The archeologist looked at the old man.
“Would you like a drink?”
The fisherman’s eyes widened. Dr. Roung never drank himself, but had found strong Chinese wine a useful enticement with the locals. He poured a glass. The man sat down.
Two glasses later, the man was ready to talk. “Excellency. Do you purchase ancient things? Small, ancient things?”
“From time to time I do.”
“It’s small, though,” the man said tentatively.
“Size is seldom an issue.”
The fisherman smiled then screwed up his face as if what he was about to say would cause him great pain. “What if it’s broken?” There was anxiety in the fisherman’s voice.
A brightness flashed for a moment across Dr. Roung’s face, then was gone. He took a breath. Then, with his anticipation concealed safely behind his eyes, he asked, “Cracked, you mean?”
“No, Excellency, broken – as if in half.”
The archeologist looked away from the fisherman. A few months earlier, he and his team had begun the third phase of the reclamation of the terra-cotta warriors. During the dig he had come across six small half-sculptures. All horses. All the front end – the emperor’s end. “Is it of a horse?” he asked as casually as he could manage.
The fisherman emitted a hiss.
“It is of a horse, isn’t it?”
The fisherman stumbled to his feet. “He thinks I’m a witch,” Dr. Roung thought. “Good.” He took a breath then said, “It’s worthless, old man.” He unlocked a drawer to his desk and took out the six half-horses and put them on the desk. “Worthless,” he repeated.
But the fisherman was canny. Over his many years he had done much bartering for fish and on occasion for cormorant chicks. “If they were worthless, why keep them under lock and key?” he thought. But he said nothing.
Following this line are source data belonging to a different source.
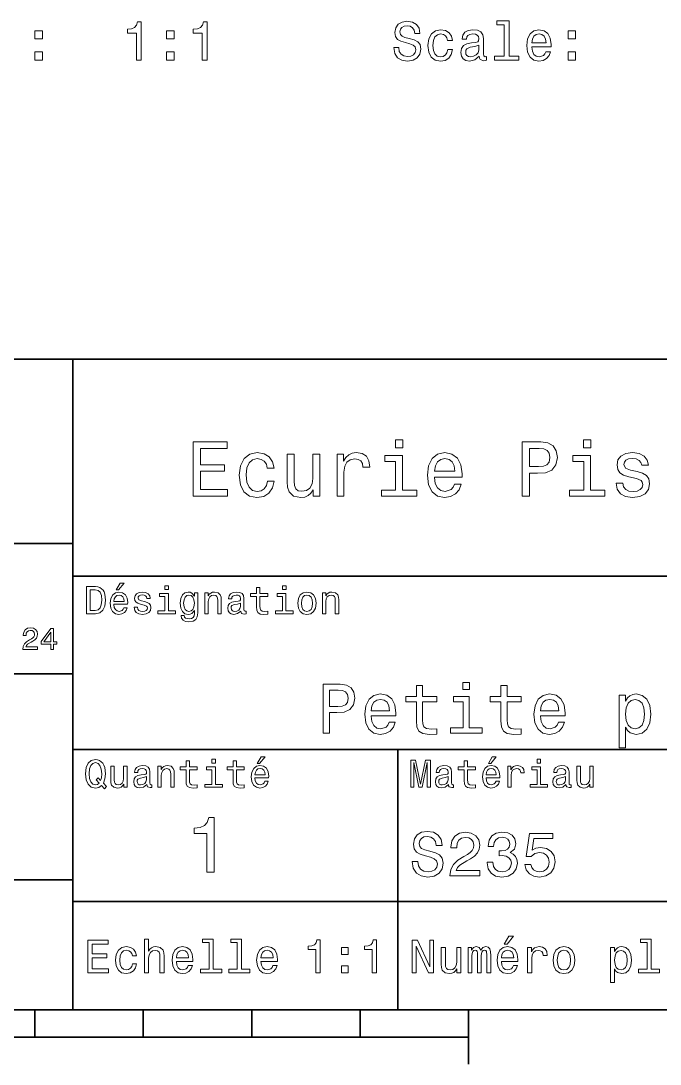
# Model space of a CAD drawing. Extents: x 0 to 297, y 0 to 210.
# Drawn here: x 157.2 to 216.2, y 5 to 101.2 of the extents above; entities that cross this region are included whole.
import ezdxf

# ---------------------------------------------------------------- set-up
doc = ezdxf.new("R2010")
doc.units = 0

msp = doc.modelspace()

# ---------------------------------------------------------------- linework, layer by layer
at = {"color": 7, "lineweight": 35}
for p, q in [((97, 70), (287, 70)), ((162, 10), (162, 70)), ((97, 53), (162, 53)), ((162, 50), (287, 50)), ((97, 41), (162, 41)), ((162, 34), (287, 34)), ((97, 22), (162, 22)), ((162, 20), (287, 20)), ((10, 10), (287, 10)), ((97, 10), (287, 10)), ((98.5, 7.5), (198.5, 7.5))]:
    msp.add_line(p, q, dxfattribs=at)
at = {"color": 7, "lineweight": 35, "ltscale": 0.35}
msp.add_line((192, 20), (192, 34), dxfattribs=at)
at = {"color": 7, "lineweight": 35, "ltscale": 0.25}
msp.add_line((192, 10), (192, 20), dxfattribs=at)
at = {"color": 7, "lineweight": 35, "ltscale": 0.0625}
for p, q in [((158.5, 10), (158.5, 7.5)), ((168.5, 10), (168.5, 7.5)), ((178.5, 10), (178.5, 7.5)), ((188.5, 10), (188.5, 7.5))]:
    msp.add_line(p, q, dxfattribs=at)
at = {"color": 7, "lineweight": 35, "ltscale": 0.125}
msp.add_line((198.5, 10), (198.5, 5), dxfattribs=at)
at = {"color": 7, "lineweight": 13}
for points in [[(167.856781, 97.581421), (168.315704, 97.581421), (168.315704, 101.106636), (167.972778, 101.106636), (167.881989, 100.799004), (167.700439, 100.592224), (167.423065, 100.471191), (167.03978, 100.430847), (167.03978, 100.072777), (167.856781, 100.072777)], [(173.928818, 97.581421), (174.387756, 97.581421), (174.387756, 101.106636), (174.044815, 101.106636), (173.954041, 100.799004), (173.772476, 100.592224), (173.495102, 100.471191), (173.111816, 100.430847), (173.111816, 100.072777), (173.928818, 100.072777)], [(192.062592, 98.73632), (191.603668, 98.73632), (191.704529, 98.201736), (191.956696, 97.808365), (192.345016, 97.571335), (192.869507, 97.485603), (193.388962, 97.566292), (193.777298, 97.788193), (194.024414, 98.136177), (194.115189, 98.595108), (194.039536, 99.008652), (193.827728, 99.275948), (193.484787, 99.452461), (193.025848, 99.58358), (192.632477, 99.679405), (192.375275, 99.790352), (192.229019, 99.951736), (192.18364, 100.203903), (192.229019, 100.430847), (192.360153, 100.602318), (192.561874, 100.718307), (192.839249, 100.758652), (193.121674, 100.708221), (193.343582, 100.572052), (193.489838, 100.345108), (193.56044, 100.037476), (194.019363, 100.037476), (194.019363, 100.047562), (193.938675, 100.521622), (193.701645, 100.874649), (193.328445, 101.09655), (192.824127, 101.172195), (192.370239, 101.09655), (192.017212, 100.884735), (191.790268, 100.556923), (191.709564, 100.133293), (191.775131, 99.755051), (191.966782, 99.497849), (192.269363, 99.326378), (192.682907, 99.195251), (193.091415, 99.079262), (193.399048, 98.968307), (193.585648, 98.806923), (193.651215, 98.544678), (193.590698, 98.27739), (193.434357, 98.075661), (193.197327, 97.949577), (192.889679, 97.909233), (192.546753, 97.964706), (192.2845, 98.126091), (192.118073, 98.388336)], [(201.806107, 100.829262), (201.806107, 97.95462), (200.893295, 97.95462), (200.893295, 97.581421), (203.1577, 97.581421), (203.1577, 97.95462), (202.249924, 97.95462), (202.249924, 101.202461), (201.110153, 101.202461), (201.110153, 100.829262)], [(158.491501, 99.538193), (159.187469, 99.538193), (159.187469, 100.289635), (158.491501, 100.289635)], [(170.63559, 99.538193), (171.331558, 99.538193), (171.331558, 100.289635), (170.63559, 100.289635)], [(196.576279, 99.391937), (197.015045, 99.391937), (196.924271, 99.795395), (196.707413, 100.113121), (196.369507, 100.309807), (195.930756, 100.385452), (195.446609, 100.284592), (195.078445, 100.002167), (194.846466, 99.543236), (194.765762, 98.927963), (194.841415, 98.317734), (195.068359, 97.863838), (195.426422, 97.581421), (195.915619, 97.485603), (196.349335, 97.561249), (196.687241, 97.773064), (196.91922, 98.105919), (197.020096, 98.549721), (196.596466, 98.549721), (196.520813, 98.267303), (196.379593, 98.055481), (196.177872, 97.924362), (195.930756, 97.884018), (195.623123, 97.949577), (195.401215, 98.151306), (195.265045, 98.479118), (195.21965, 98.943092), (195.265045, 99.39698), (195.40625, 99.724792), (195.633209, 99.926521), (195.930756, 99.997124), (196.192993, 99.951736), (196.389679, 99.835747), (196.520813, 99.644104)], [(199.496307, 97.934448), (199.496307, 97.919319), (199.52153, 97.747849), (199.597183, 97.626808), (199.914902, 97.530991), (200.162018, 97.571335), (200.162018, 97.914276), (200.056107, 97.899147), (199.914902, 97.964706), (199.889679, 98.166435), (199.889679, 99.568451), (199.829163, 99.926521), (199.652649, 100.17868), (199.345016, 100.329979), (198.911301, 100.385452), (198.487671, 100.324936), (198.174988, 100.153465), (197.978302, 99.886177), (197.912735, 99.53315), (197.912735, 99.502892), (198.311157, 99.502892), (198.346466, 99.714706), (198.457413, 99.866005), (198.638962, 99.956779), (198.896164, 99.992081), (199.143295, 99.966866), (199.319809, 99.89122), (199.425705, 99.760094), (199.461014, 99.578537), (199.440842, 99.366722), (199.360153, 99.260818), (199.158417, 99.210381), (198.780182, 99.170036), (198.346466, 99.079262), (198.038818, 98.917877), (197.857269, 98.665718), (197.801788, 98.292519), (197.852219, 97.959663), (198.00856, 97.712547), (198.260727, 97.556206), (198.608704, 97.500732), (199.077728, 97.606636)], [(204.3479, 98.806923), (206.123123, 98.806923), (206.128159, 99.013695), (206.04747, 99.593666), (205.825562, 100.02739), (205.472534, 100.289635), (205.003525, 100.385452), (204.544586, 100.284592), (204.191559, 100.002167), (203.964615, 99.543236), (203.883926, 98.938049), (203.959564, 98.317734), (204.186523, 97.863838), (204.5345, 97.581421), (204.988388, 97.485603), (205.38176, 97.551163), (205.704529, 97.722633), (205.941559, 97.994965), (206.077728, 98.358078), (205.638962, 98.358078), (205.548187, 98.156349), (205.417068, 98.005051), (205.043869, 97.884018), (204.756409, 97.939491), (204.539536, 98.116005), (204.398331, 98.403465), (204.3479, 98.791794)], [(207.691559, 99.538193), (208.387527, 99.538193), (208.387527, 100.289635), (207.691559, 100.289635)], [(204.3479, 99.180122), (204.403381, 99.528107), (204.539536, 99.785309), (204.746307, 99.94165), (205.018646, 99.997124), (205.285934, 99.94165), (205.492706, 99.785309), (205.61879, 99.528107), (205.664185, 99.180122)], [(158.491501, 97.581421), (159.187469, 97.581421), (159.187469, 98.332863), (158.491501, 98.332863)], [(170.63559, 97.581421), (171.331558, 97.581421), (171.331558, 98.332863), (170.63559, 98.332863)], [(199.445877, 98.529549), (199.385361, 98.267303), (199.223984, 98.065567), (198.981903, 97.934448), (198.684357, 97.889061), (198.492706, 97.914276), (198.356552, 97.994965), (198.270813, 98.136177), (198.24559, 98.332863), (198.265762, 98.509377), (198.346466, 98.635452), (198.66922, 98.776665), (199.077728, 98.837181), (199.445877, 98.958221)], [(207.691559, 97.581421), (208.387527, 97.581421), (208.387527, 98.332863), (207.691559, 98.332863)], [(192.439484, 62.554031), (191.769455, 62.554031), (191.769455, 61.833572), (192.439484, 61.833572)], [(209.788177, 62.554031), (209.118149, 62.554031), (209.118149, 61.833572), (209.788177, 61.833572)], [(173.109512, 57.381123), (176.279541, 57.381123), (176.279541, 57.986309), (173.772339, 57.986309), (173.772339, 59.679394), (176.005768, 59.679394), (176.005768, 60.277374), (173.772339, 60.277374), (173.772339, 61.775936), (176.221893, 61.775936), (176.221893, 62.381123), (173.109512, 62.381123)], [(203.462524, 57.381123), (204.125351, 57.381123), (204.125351, 59.492073), (204.860229, 59.492073), (205.602295, 59.528095), (206.193085, 59.780258), (206.574921, 60.270172), (206.704605, 60.940201), (206.603745, 61.559795), (206.315552, 62.013687), (205.840057, 62.287464), (205.191635, 62.381123), (203.462524, 62.381123)], [(205.01152, 61.76873), (205.443802, 61.725502), (205.760803, 61.588615), (205.94812, 61.336452), (206.01297, 60.940201), (205.940918, 60.522331), (205.746399, 60.270172), (205.414978, 60.140488), (204.96109, 60.104465), (204.125351, 60.104465), (204.125351, 61.76873)], [(179.932281, 59.967579), (180.559082, 59.967579), (180.429398, 60.543945), (180.119598, 60.997837), (179.636887, 61.278816), (179.010086, 61.386887), (178.318436, 61.242794), (177.792511, 60.839336), (177.46109, 60.183716), (177.345825, 59.304752), (177.453888, 58.432995), (177.778091, 57.78458), (178.289627, 57.381123), (178.988464, 57.244236), (179.608063, 57.352303), (180.090775, 57.6549), (180.42218, 58.130402), (180.566284, 58.764408), (179.96109, 58.764408), (179.853027, 58.36095), (179.651291, 58.058357), (179.363113, 57.871037), (179.010086, 57.8134), (178.570602, 57.907059), (178.253601, 58.195244), (178.059082, 58.663544), (177.994232, 59.326366), (178.059082, 59.974781), (178.260803, 60.443081), (178.585007, 60.731266), (179.010086, 60.83213), (179.38472, 60.767288), (179.66571, 60.601585), (179.853027, 60.327808)], [(184.788177, 61.25), (184.154175, 61.25), (184.154175, 59.016571), (184.082123, 58.497837), (183.873199, 58.123196), (183.548996, 57.892651), (183.123917, 57.820602), (182.785294, 57.878242), (182.569168, 58.051151), (182.446686, 58.346542), (182.417862, 58.764408), (182.417862, 61.25), (181.783859, 61.25), (181.783859, 58.706772), (181.805481, 58.195244), (181.942368, 57.770172), (182.360229, 57.381123), (183.030258, 57.244236), (183.390488, 57.294666), (183.700287, 57.424351), (183.966858, 57.647694), (184.182999, 57.971901), (184.182999, 57.381123), (184.788177, 57.381123)], [(186.380402, 57.381123), (187.014404, 57.381123), (187.014404, 59.592937), (187.079254, 60.12608), (187.273773, 60.507923), (187.590775, 60.738472), (188.015854, 60.817722), (188.332855, 60.767288), (188.570602, 60.623199), (188.714691, 60.378242), (188.765121, 60.046829), (189.406342, 60.046829), (189.319885, 60.630402), (189.082123, 61.048271), (188.685883, 61.30043), (188.145538, 61.386887), (187.778091, 61.32925), (187.46109, 61.185158), (187.180115, 60.940201), (186.956772, 60.608788), (186.956772, 61.25), (186.380402, 61.25)], [(192.417862, 57.914265), (192.417862, 61.120316), (190.789627, 61.120316), (190.789627, 60.579971), (191.783859, 60.579971), (191.783859, 57.914265), (190.48703, 57.914265), (190.48703, 57.381123), (193.729111, 57.381123), (193.729111, 57.914265)], [(195.37175, 59.131844), (197.907776, 59.131844), (197.914978, 59.427231), (197.799713, 60.255764), (197.482712, 60.875359), (196.978378, 61.25), (196.30835, 61.386887), (195.65274, 61.242794), (195.148407, 60.839336), (194.824203, 60.183716), (194.708923, 59.319164), (194.817001, 58.432995), (195.141205, 57.78458), (195.638321, 57.381123), (196.286743, 57.244236), (196.848694, 57.337894), (197.309799, 57.582851), (197.648407, 57.971901), (197.842941, 58.490631), (197.216141, 58.490631), (197.086456, 58.20245), (196.899139, 57.986309), (196.365997, 57.8134), (195.955322, 57.892651), (195.645538, 58.14481), (195.443802, 58.555473), (195.37175, 59.110229)], [(195.37175, 59.664986), (195.451004, 60.162102), (195.645538, 60.529537), (195.940918, 60.75288), (196.329971, 60.83213), (196.711807, 60.75288), (197.007202, 60.529537), (197.187317, 60.162102), (197.252167, 59.664986)], [(209.766571, 57.914265), (209.766571, 61.120316), (208.138321, 61.120316), (208.138321, 60.579971), (209.132568, 60.579971), (209.132568, 57.914265), (207.835724, 57.914265), (207.835724, 57.381123), (211.077805, 57.381123), (211.077805, 57.914265)], [(214.060516, 59.636166), (213.44812, 59.780258), (212.994232, 59.945965), (212.842941, 60.28458), (212.886169, 60.522331), (213.03746, 60.695244), (213.282425, 60.803314), (213.635437, 60.846542), (213.97406, 60.803314), (214.240631, 60.67363), (214.413544, 60.479107), (214.485596, 60.219738), (215.105194, 60.219738), (215.105194, 60.23415), (214.997116, 60.70245), (214.701721, 61.069885), (214.240631, 61.30043), (213.635437, 61.386887), (213.023056, 61.30043), (212.57637, 61.062679), (212.29538, 60.709652), (212.208939, 60.262966), (212.273773, 59.830688), (212.475494, 59.528095), (212.806915, 59.311958), (213.289627, 59.16066), (213.995682, 58.987751), (214.427948, 58.807636), (214.543228, 58.663544), (214.586456, 58.447407), (214.521606, 58.180836), (214.348694, 57.979107), (214.067719, 57.849422), (213.693085, 57.806194), (213.296829, 57.849422), (213.008636, 58.000721), (212.814117, 58.245674), (212.734863, 58.584293), (212.122482, 58.584293), (212.223343, 58.007923), (212.518738, 57.590057), (212.98703, 57.337894), (213.635437, 57.244236), (214.312683, 57.337894), (214.809799, 57.590057), (215.112396, 57.993515), (215.220459, 58.519451), (215.141205, 58.973343), (214.917862, 59.283138), (214.55043, 59.484871)], [(166.004318, 48.728386), (166.216858, 48.728386), (166.717575, 49.340778), (166.364548, 49.340778)], [(170.824203, 49.117435), (170.489197, 49.117435), (170.489197, 48.757202), (170.824203, 48.757202)], [(181.667145, 49.117435), (181.332138, 49.117435), (181.332138, 48.757202), (181.667145, 48.757202)], [(164.080688, 49.030979), (163.248566, 49.030979), (163.248566, 46.530979), (164.080688, 46.530979), (164.473343, 46.610229), (164.765137, 46.851585), (164.945251, 47.244236), (165.010086, 47.780979), (164.952454, 48.328529), (164.880402, 48.544666), (164.779541, 48.717579), (164.487747, 48.951729), (164.296829, 49.009365)], [(164.055481, 48.731987), (164.329254, 48.677952), (164.516571, 48.512245), (164.628235, 48.216858), (164.664261, 47.780979), (164.624634, 47.359509), (164.51297, 47.064121), (164.322052, 46.887608), (164.055481, 46.829971), (163.583572, 46.829971), (163.583572, 48.731987)], [(165.784576, 47.406338), (167.052597, 47.406338), (167.056198, 47.554035), (166.998566, 47.9683), (166.840057, 48.278099), (166.587891, 48.465416), (166.252884, 48.533859), (165.925079, 48.461815), (165.672913, 48.260086), (165.510803, 47.932278), (165.453171, 47.5), (165.507202, 47.056915), (165.669312, 46.732708), (165.917862, 46.530979), (166.242081, 46.462536), (166.523056, 46.509365), (166.753601, 46.631844), (166.922913, 46.826366), (167.020172, 47.085735), (166.706772, 47.085735), (166.641937, 46.941643), (166.548264, 46.833572), (166.281708, 46.747116), (166.07637, 46.786743), (165.921463, 46.912823), (165.820602, 47.118156), (165.784576, 47.395531)], [(165.784576, 47.672909), (165.824203, 47.921471), (165.921463, 48.105186), (166.069168, 48.216858), (166.263687, 48.256485), (166.454605, 48.216858), (166.60231, 48.105186), (166.692368, 47.921471), (166.724777, 47.672909)], [(168.623199, 47.658501), (168.317001, 47.730545), (168.090057, 47.8134), (168.014404, 47.982708), (168.036026, 48.101585), (168.111664, 48.188038), (168.234146, 48.242073), (168.41066, 48.263687), (168.579971, 48.242073), (168.713257, 48.177231), (168.799713, 48.079971), (168.835739, 47.950287), (169.145538, 47.950287), (169.145538, 47.957493), (169.091492, 48.191643), (168.943802, 48.375359), (168.713257, 48.490635), (168.41066, 48.533859), (168.104462, 48.490635), (167.881119, 48.371758), (167.740631, 48.195244), (167.697403, 47.971901), (167.729828, 47.755764), (167.830688, 47.604465), (167.996399, 47.496399), (168.237747, 47.42075), (168.590775, 47.334293), (168.806915, 47.244236), (168.864548, 47.172188), (168.886169, 47.064121), (168.853745, 46.930836), (168.767288, 46.829971), (168.626801, 46.765129), (168.439484, 46.743515), (168.241348, 46.765129), (168.09726, 46.840778), (168, 46.963257), (167.960373, 47.132565), (167.654175, 47.132565), (167.704605, 46.844379), (167.85231, 46.635445), (168.086456, 46.509365), (168.41066, 46.462536), (168.749283, 46.509365), (168.997833, 46.635445), (169.149139, 46.837173), (169.203171, 47.100143), (169.163544, 47.327087), (169.05188, 47.481987), (168.868149, 47.582851)], [(170.8134, 46.79755), (170.8134, 48.400574), (169.999283, 48.400574), (169.999283, 48.130402), (170.496399, 48.130402), (170.496399, 46.79755), (169.847977, 46.79755), (169.847977, 46.530979), (171.469025, 46.530979), (171.469025, 46.79755)], [(173.518738, 46.617435), (173.518738, 48.465416), (173.216141, 48.465416), (173.216141, 48.152016), (172.967575, 48.4366), (172.816284, 48.508644), (172.646973, 48.533859), (172.340775, 48.461815), (172.103027, 48.260086), (171.94812, 47.935879), (171.894089, 47.5), (171.94812, 47.060516), (172.103027, 46.736309), (172.340775, 46.530979), (172.646973, 46.462536), (172.819885, 46.487751), (172.963974, 46.552593), (173.216141, 46.826366), (173.216141, 46.552593), (173.187317, 46.336456), (173.108063, 46.181557), (172.956772, 46.091499), (172.729828, 46.059078), (172.531708, 46.080692), (172.391205, 46.134727), (172.30835, 46.228386), (172.283142, 46.354465), (171.976944, 46.354465), (171.976944, 46.340057), (172.023773, 46.109509), (172.167862, 45.9366), (172.398407, 45.824928), (172.711823, 45.785301), (173.086456, 45.839336), (173.335022, 45.990635), (173.47551, 46.253601)], [(172.221909, 47.5), (172.254318, 47.820606), (172.351593, 48.058357), (172.502884, 48.198845), (172.704605, 48.249279), (172.917145, 48.198845), (173.075653, 48.058357), (173.172913, 47.820606), (173.208939, 47.5), (173.172913, 47.172188), (173.075653, 46.938038), (172.917145, 46.793949), (172.704605, 46.747116), (172.502884, 46.793949), (172.351593, 46.938038), (172.254318, 47.175793)], [(174.181549, 46.530979), (174.498566, 46.530979), (174.498566, 47.647694), (174.530975, 47.903458), (174.635452, 48.090778), (174.797546, 48.206051), (175.013687, 48.249279), (175.1866, 48.213257), (175.294662, 48.115993), (175.348709, 47.953888), (175.366714, 47.737751), (175.366714, 46.530979), (175.683716, 46.530979), (175.683716, 47.802593), (175.669312, 48.058357), (175.604462, 48.270893), (175.391937, 48.465416), (175.060516, 48.533859), (174.876801, 48.508644), (174.721909, 48.440201), (174.588623, 48.324928), (174.484146, 48.170029), (174.484146, 48.465416), (174.181549, 48.465416)], [(177.499283, 46.783142), (177.499283, 46.772335), (177.517288, 46.649857), (177.57132, 46.5634), (177.798264, 46.494957), (177.974777, 46.523773), (177.974777, 46.76873), (177.899139, 46.757923), (177.798264, 46.804756), (177.780258, 46.948845), (177.780258, 47.950287), (177.73703, 48.206051), (177.610947, 48.386166), (177.391205, 48.494236), (177.081406, 48.533859), (176.778824, 48.490635), (176.555481, 48.368156), (176.414978, 48.177231), (176.368149, 47.925072), (176.368149, 47.903458), (176.65274, 47.903458), (176.677948, 48.054756), (176.757202, 48.162823), (176.886887, 48.227665), (177.070602, 48.25288), (177.247116, 48.234871), (177.373199, 48.180836), (177.448853, 48.087173), (177.47406, 47.957493), (177.459656, 47.806194), (177.402023, 47.730545), (177.257919, 47.694523), (176.987747, 47.665707), (176.677948, 47.600864), (176.458206, 47.485592), (176.328537, 47.305473), (176.28891, 47.038906), (176.324921, 46.801151), (176.4366, 46.624638), (176.616714, 46.512966), (176.86528, 46.473343), (177.200287, 46.548992)], [(178.943802, 48.130402), (178.943802, 47.161381), (178.965424, 46.84798), (179.066284, 46.631844), (179.268005, 46.505764), (179.610229, 46.462536), (179.984863, 46.480545), (179.984863, 46.754322), (179.71109, 46.732708), (179.46254, 46.761528), (179.329254, 46.851585), (179.271606, 47.00288), (179.260803, 47.215416), (179.260803, 48.130402), (179.984863, 48.130402), (179.984863, 48.400574), (179.260803, 48.400574), (179.260803, 48.966137), (178.943802, 48.966137), (178.943802, 48.400574), (178.396255, 48.400574), (178.396255, 48.130402)], [(181.656342, 46.79755), (181.656342, 48.400574), (180.842224, 48.400574), (180.842224, 48.130402), (181.33934, 48.130402), (181.33934, 46.79755), (180.690918, 46.79755), (180.690918, 46.530979), (182.311966, 46.530979), (182.311966, 46.79755)], [(182.762253, 47.496399), (182.819885, 47.056915), (182.985596, 46.732708), (183.248566, 46.530979), (183.601593, 46.462536), (183.951004, 46.530979), (184.213974, 46.729107), (184.379684, 47.053314), (184.440918, 47.496399), (184.379684, 47.935879), (184.213974, 48.263687), (183.951004, 48.461815), (183.601593, 48.533859), (183.248566, 48.461815), (182.985596, 48.260086), (182.819885, 47.935879)], [(183.086456, 47.5), (183.118881, 47.824207), (183.219742, 48.058357), (183.381851, 48.20245), (183.601593, 48.25288), (183.817719, 48.20245), (183.979828, 48.061958), (184.080688, 47.824207), (184.116714, 47.5), (184.080688, 47.172188), (183.979828, 46.934437), (183.817719, 46.790344), (183.601593, 46.743515), (183.381851, 46.790344), (183.219742, 46.934437), (183.118881, 47.172188)], [(185.024506, 46.530979), (185.341492, 46.530979), (185.341492, 47.647694), (185.373917, 47.903458), (185.478394, 48.090778), (185.640488, 48.206051), (185.856628, 48.249279), (186.029541, 48.213257), (186.137604, 48.115993), (186.19165, 47.953888), (186.209656, 47.737751), (186.209656, 46.530979), (186.526657, 46.530979), (186.526657, 47.802593), (186.512253, 48.058357), (186.447403, 48.270893), (186.234879, 48.465416), (185.903458, 48.533859), (185.719742, 48.508644), (185.56485, 48.440201), (185.431564, 48.324928), (185.327087, 48.170029), (185.327087, 48.465416), (185.024506, 48.465416)], [(177.463257, 47.208214), (177.420029, 47.020893), (177.304749, 46.876801), (177.131851, 46.783142), (176.919312, 46.750721), (176.782425, 46.76873), (176.68515, 46.826366), (176.623917, 46.927231), (176.605911, 47.067722), (176.620316, 47.193802), (176.677948, 47.283859), (176.908508, 47.384727), (177.200287, 47.427952), (177.463257, 47.514408)], [(157.368881, 43.224785), (158.743515, 43.224785), (158.743515, 43.472622), (157.657059, 43.472622), (157.71759, 43.60807), (157.821335, 43.720463), (158.14122, 43.925072), (158.311249, 44.011528), (158.50145, 44.135448), (158.636887, 44.279541), (158.714706, 44.44957), (158.743515, 44.642651), (158.694534, 44.884727), (158.559082, 45.074928), (158.351593, 45.195965), (158.083572, 45.239193), (157.806915, 45.190201), (157.596542, 45.054756), (157.461105, 44.838619), (157.414993, 44.553314), (157.414993, 44.51297), (157.677231, 44.51297), (157.677231, 44.536022), (157.703171, 44.731991), (157.780991, 44.876083), (157.904907, 44.9683), (158.069168, 45), (158.236313, 44.971184), (158.360229, 44.899136), (158.440918, 44.786743), (158.469742, 44.645535), (158.44957, 44.51297), (158.394821, 44.400578), (158.302597, 44.302593), (158.175797, 44.216141), (158.005768, 44.12392), (157.723343, 43.945248), (157.524506, 43.755043), (157.406342, 43.524498), (157.368881, 43.233429)], [(159.965424, 43.224785), (160.224792, 43.224785), (160.224792, 43.720463), (160.510086, 43.720463), (160.510086, 43.951008), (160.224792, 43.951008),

Just bent his shoulders and turned toward the door.
“Show me your find, old man.”
“Why, Excellency?” The old fisherman locked eyes with the archeologist. “It has no value.”
“Show it to me.” Dr. Roung allowed a threatening tone into his voice. The fisherman heard it and backed off. Slowly he reached into his pocket and pulled out a dirty rag. Holding it in the palm of his left hand, he unwrapped the tiny thing.
The archeologist had to control his excitement. The perfect hindquarters were the first he had ever seen. His fingers itched to fit it together with one of the six frontquarters he had. His keen eye quickly eliminated the chance of a match with the first three of his horses. But horses four and six were real possibilities.
“Are there more where this came from, old man?”
The man scratched his neck, but didn’t answer.
“If you know where this came from, and are willing to show me, I’ll pay you handsomely.”
“How handsomely?” snapped back the old fisherman.